Building Label Lens: Making dietary information accessible

How do you help someone understand the hidden complexity inside a food label? The interface has to earn trust before it asks for vulnerability.

I started Label Lens because I kept thinking about how much trust is required to eat safely when you have dietary restrictions.

A person with allergies or dietary preferences has to decode ingredient lists, parse derivative sources (malt vinegar contains gluten, natural flavors can hide animal products), and remember dozens of allergen names they might encounter. Then they have to make a decision—with incomplete information and real stakes.

The interface I was building had to acknowledge that weight.

The problem space

Food labels aren’t designed for clarity. They’re designed for regulatory compliance. An ingredient list that technically discloses everything still obscures what matters most to a specific person.

“Natural flavors” is accurate. It’s also useless if you’re trying to figure out whether something contains insect derivatives (spoiler: sometimes it does).

The question became: how do you take that label and render it legible? Not simplified—legible. There’s a difference. Simplification is erasure.
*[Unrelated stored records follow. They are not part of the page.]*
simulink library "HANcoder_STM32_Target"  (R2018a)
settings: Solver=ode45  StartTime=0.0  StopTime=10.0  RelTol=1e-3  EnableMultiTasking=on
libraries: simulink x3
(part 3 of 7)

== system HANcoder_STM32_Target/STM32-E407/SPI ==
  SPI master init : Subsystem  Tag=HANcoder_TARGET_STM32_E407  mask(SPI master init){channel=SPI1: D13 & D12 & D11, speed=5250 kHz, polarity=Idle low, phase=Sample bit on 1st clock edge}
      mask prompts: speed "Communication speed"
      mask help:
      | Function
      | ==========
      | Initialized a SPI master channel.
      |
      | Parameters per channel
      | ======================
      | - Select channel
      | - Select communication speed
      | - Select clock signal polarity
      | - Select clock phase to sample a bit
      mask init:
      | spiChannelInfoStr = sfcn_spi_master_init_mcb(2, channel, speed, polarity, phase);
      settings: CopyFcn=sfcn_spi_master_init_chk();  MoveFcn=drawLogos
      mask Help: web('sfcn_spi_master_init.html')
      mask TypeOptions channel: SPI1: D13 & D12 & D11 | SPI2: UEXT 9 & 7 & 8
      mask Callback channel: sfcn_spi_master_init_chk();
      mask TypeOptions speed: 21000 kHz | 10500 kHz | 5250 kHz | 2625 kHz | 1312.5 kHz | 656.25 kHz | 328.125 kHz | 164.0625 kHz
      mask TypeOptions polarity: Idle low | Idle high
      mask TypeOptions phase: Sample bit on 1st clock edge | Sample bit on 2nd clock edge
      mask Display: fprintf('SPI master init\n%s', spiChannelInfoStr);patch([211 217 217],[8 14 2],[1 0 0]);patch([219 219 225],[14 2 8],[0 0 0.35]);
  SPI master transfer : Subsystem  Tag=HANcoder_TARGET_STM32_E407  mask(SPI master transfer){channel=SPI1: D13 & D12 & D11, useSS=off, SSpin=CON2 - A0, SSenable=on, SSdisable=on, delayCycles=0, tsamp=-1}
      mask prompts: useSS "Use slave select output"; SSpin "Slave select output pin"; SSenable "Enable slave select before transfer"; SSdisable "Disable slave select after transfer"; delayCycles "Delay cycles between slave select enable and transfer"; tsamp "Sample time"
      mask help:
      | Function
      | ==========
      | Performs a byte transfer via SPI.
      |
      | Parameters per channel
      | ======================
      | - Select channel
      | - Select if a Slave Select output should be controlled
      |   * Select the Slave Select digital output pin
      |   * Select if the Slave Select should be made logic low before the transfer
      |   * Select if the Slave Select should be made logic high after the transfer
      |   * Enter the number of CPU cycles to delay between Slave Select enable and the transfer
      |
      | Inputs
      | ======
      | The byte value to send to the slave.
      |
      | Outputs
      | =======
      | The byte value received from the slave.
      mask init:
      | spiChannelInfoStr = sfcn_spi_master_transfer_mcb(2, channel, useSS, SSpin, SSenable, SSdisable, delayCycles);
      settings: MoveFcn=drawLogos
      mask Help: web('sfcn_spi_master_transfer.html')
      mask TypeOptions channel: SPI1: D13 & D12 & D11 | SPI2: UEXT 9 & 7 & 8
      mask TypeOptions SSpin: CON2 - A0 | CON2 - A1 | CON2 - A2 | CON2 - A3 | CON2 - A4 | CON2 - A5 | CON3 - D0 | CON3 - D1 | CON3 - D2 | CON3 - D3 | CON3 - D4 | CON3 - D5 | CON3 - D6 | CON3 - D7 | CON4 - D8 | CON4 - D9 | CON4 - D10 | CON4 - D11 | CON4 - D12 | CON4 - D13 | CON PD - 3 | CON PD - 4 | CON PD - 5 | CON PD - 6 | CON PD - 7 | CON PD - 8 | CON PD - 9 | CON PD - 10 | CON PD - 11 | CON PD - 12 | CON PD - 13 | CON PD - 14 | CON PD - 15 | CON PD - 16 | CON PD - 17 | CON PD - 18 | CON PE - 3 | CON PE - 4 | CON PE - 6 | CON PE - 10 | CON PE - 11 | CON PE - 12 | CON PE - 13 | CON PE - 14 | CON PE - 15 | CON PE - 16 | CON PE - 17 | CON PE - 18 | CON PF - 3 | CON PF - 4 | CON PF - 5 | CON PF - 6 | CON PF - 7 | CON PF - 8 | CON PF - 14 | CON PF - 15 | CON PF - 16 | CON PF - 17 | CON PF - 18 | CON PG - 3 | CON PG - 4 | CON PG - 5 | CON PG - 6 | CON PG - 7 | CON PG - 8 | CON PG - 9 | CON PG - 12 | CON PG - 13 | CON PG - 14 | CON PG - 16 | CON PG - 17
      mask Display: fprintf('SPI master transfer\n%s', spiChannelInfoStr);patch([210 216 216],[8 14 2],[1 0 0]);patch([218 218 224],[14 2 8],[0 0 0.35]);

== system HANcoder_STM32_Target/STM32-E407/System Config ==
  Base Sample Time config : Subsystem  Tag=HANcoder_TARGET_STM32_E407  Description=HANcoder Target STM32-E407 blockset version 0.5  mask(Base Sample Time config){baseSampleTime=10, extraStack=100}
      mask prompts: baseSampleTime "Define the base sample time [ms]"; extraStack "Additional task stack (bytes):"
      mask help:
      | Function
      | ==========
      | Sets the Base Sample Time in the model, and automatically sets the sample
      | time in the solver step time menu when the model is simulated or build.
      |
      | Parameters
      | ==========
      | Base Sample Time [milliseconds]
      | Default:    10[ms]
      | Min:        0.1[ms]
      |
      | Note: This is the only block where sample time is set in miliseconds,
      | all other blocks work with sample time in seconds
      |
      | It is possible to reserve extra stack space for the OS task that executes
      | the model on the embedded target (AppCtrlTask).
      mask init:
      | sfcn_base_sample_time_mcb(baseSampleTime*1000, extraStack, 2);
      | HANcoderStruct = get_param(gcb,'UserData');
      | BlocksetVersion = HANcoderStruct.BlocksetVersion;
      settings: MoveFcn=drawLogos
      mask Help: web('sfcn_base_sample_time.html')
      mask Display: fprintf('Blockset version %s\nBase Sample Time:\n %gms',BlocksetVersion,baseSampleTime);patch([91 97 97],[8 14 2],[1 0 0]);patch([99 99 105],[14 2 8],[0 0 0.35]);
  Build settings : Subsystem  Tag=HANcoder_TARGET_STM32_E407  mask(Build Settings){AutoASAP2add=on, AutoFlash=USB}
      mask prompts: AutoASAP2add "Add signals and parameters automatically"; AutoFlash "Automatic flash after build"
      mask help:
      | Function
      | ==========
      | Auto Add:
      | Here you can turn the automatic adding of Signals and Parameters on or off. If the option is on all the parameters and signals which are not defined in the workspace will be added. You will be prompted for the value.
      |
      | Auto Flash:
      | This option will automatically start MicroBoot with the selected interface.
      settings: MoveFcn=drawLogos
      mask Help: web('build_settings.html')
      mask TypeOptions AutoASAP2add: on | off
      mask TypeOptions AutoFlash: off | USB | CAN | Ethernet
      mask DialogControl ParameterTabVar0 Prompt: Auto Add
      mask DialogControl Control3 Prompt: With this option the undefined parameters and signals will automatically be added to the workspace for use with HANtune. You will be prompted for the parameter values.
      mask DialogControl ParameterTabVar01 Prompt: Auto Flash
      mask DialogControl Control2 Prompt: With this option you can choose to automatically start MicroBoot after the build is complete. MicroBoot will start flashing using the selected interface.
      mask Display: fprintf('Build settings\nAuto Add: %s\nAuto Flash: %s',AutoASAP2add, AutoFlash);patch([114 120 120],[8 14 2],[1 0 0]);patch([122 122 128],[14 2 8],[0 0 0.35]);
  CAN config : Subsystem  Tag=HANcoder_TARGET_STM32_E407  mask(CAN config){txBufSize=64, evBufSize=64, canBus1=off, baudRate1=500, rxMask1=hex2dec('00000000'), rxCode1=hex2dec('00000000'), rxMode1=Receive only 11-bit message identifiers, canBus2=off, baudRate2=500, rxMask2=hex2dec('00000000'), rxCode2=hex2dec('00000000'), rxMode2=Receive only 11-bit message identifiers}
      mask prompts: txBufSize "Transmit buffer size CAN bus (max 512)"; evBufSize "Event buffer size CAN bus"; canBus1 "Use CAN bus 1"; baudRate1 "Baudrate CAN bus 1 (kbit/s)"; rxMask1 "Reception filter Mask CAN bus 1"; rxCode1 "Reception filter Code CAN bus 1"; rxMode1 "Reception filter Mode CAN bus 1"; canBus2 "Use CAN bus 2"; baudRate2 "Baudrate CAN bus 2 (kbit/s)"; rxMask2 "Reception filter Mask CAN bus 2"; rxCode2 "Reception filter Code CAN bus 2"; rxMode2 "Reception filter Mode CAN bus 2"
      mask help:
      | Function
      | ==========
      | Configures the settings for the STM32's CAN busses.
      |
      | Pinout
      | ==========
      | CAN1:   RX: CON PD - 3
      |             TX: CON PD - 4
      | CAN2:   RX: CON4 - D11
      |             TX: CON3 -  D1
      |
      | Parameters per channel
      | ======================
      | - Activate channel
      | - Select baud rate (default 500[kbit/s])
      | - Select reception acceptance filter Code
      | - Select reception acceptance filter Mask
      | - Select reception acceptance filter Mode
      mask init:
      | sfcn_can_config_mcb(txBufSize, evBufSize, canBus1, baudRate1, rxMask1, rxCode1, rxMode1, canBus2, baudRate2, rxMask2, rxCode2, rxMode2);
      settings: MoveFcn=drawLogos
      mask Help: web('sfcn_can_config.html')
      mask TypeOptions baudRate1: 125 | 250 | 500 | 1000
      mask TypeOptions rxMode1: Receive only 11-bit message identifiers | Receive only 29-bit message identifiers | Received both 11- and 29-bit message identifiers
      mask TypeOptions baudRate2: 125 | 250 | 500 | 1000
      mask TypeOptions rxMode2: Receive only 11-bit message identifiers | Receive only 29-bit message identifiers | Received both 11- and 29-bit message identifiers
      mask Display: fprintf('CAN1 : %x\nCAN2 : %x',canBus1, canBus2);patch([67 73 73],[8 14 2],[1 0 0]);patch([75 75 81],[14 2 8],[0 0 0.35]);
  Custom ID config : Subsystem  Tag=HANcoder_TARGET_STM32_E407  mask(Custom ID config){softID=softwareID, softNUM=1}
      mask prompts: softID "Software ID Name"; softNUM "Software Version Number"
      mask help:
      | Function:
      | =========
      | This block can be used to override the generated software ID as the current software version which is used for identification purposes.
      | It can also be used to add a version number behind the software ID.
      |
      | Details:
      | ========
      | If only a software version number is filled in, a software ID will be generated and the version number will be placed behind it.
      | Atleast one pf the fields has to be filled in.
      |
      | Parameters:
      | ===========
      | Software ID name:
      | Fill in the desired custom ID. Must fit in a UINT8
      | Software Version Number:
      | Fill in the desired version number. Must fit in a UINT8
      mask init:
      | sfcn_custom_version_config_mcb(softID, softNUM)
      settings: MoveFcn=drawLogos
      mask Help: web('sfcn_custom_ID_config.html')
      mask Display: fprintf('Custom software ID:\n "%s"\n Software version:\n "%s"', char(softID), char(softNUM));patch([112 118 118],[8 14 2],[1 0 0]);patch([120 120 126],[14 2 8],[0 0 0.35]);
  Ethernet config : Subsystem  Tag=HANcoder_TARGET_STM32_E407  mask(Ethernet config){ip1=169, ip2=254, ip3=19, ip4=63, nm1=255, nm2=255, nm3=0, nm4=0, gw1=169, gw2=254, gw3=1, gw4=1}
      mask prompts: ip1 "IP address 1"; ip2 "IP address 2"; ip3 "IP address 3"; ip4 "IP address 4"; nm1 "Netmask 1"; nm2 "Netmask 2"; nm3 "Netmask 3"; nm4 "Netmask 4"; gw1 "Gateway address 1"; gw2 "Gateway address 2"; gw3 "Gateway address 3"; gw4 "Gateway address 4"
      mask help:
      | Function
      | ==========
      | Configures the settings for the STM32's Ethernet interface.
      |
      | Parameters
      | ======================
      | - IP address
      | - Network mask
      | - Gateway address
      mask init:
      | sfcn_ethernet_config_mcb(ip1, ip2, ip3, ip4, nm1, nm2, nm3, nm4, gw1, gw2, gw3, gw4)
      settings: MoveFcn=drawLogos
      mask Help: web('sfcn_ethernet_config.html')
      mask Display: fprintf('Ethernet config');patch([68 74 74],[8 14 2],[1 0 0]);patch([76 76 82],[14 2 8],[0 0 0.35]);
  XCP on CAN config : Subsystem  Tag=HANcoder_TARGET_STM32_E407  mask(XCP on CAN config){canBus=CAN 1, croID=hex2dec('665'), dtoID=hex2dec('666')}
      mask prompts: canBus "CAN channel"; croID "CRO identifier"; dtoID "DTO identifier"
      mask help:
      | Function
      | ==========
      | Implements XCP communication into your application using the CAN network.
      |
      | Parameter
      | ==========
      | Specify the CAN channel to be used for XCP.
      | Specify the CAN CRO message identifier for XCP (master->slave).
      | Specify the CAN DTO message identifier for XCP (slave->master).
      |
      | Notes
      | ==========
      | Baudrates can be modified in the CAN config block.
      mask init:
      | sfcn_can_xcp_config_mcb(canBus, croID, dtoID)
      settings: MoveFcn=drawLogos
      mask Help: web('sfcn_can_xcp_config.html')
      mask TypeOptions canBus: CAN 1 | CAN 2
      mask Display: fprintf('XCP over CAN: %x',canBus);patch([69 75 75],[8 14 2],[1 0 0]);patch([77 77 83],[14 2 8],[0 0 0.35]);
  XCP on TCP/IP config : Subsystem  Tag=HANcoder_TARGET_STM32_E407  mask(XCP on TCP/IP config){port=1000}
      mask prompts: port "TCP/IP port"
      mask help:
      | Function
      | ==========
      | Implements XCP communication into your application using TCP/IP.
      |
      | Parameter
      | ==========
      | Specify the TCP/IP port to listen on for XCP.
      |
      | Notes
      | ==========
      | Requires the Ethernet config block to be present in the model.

What the interface needed to do

The first thing was profile. A person had to be able to tell us their restrictions—vegan, gluten-free, halal, keto, and custom allergens like mustard, sesame, lupin. This wasn’t just a checklist. It was the person drawing a boundary around what they would eat.

Then: the ability to upload a label or paste ingredients. Quick input paths matter when someone is standing in a grocery aisle.

The analysis had to be transparent. Not just a verdict—Safe, Check These, Avoid—but the reasoning. Per-ingredient cards that explain the functional role and the safety rating. Plain language throughout. No jargon.

The final piece was the verdict. Personalized. Not the food is safe for everyone, but this food is safe for you.

Why AI fit here

This problem needs reasoning, not just lookup tables. A database of known allergen sources isn’t enough when you’re trying to untangle what “natural flavors” really means in a specific context.

Claude could read a label, understand the chemistry and derivative chains, reason about cross-contamination risk, and explain the thinking in language that made sense to someone at the store.

What surprised me was how much it mattered that the AI showed its work. People didn’t just want a verdict. They wanted to understand why.

The craft part

Building Label Lens taught me something about how to design for vulnerability. When someone is relying on your interface to make a decision that affects their health, every affordance has to say: we respect the stakes here.

That meant no dark patterns. No friction designed to push people toward a conclusion. No false confidence—if the analysis uncertain, we said so.

It meant responsive design that worked on a phone in bad lighting in a grocery store. It meant asking for information when we needed it, but offering shortcuts when we could.

Most of all, it meant building trust through transparency. A person using this app is already trusting me with something that matters to them. The interface has to earn that.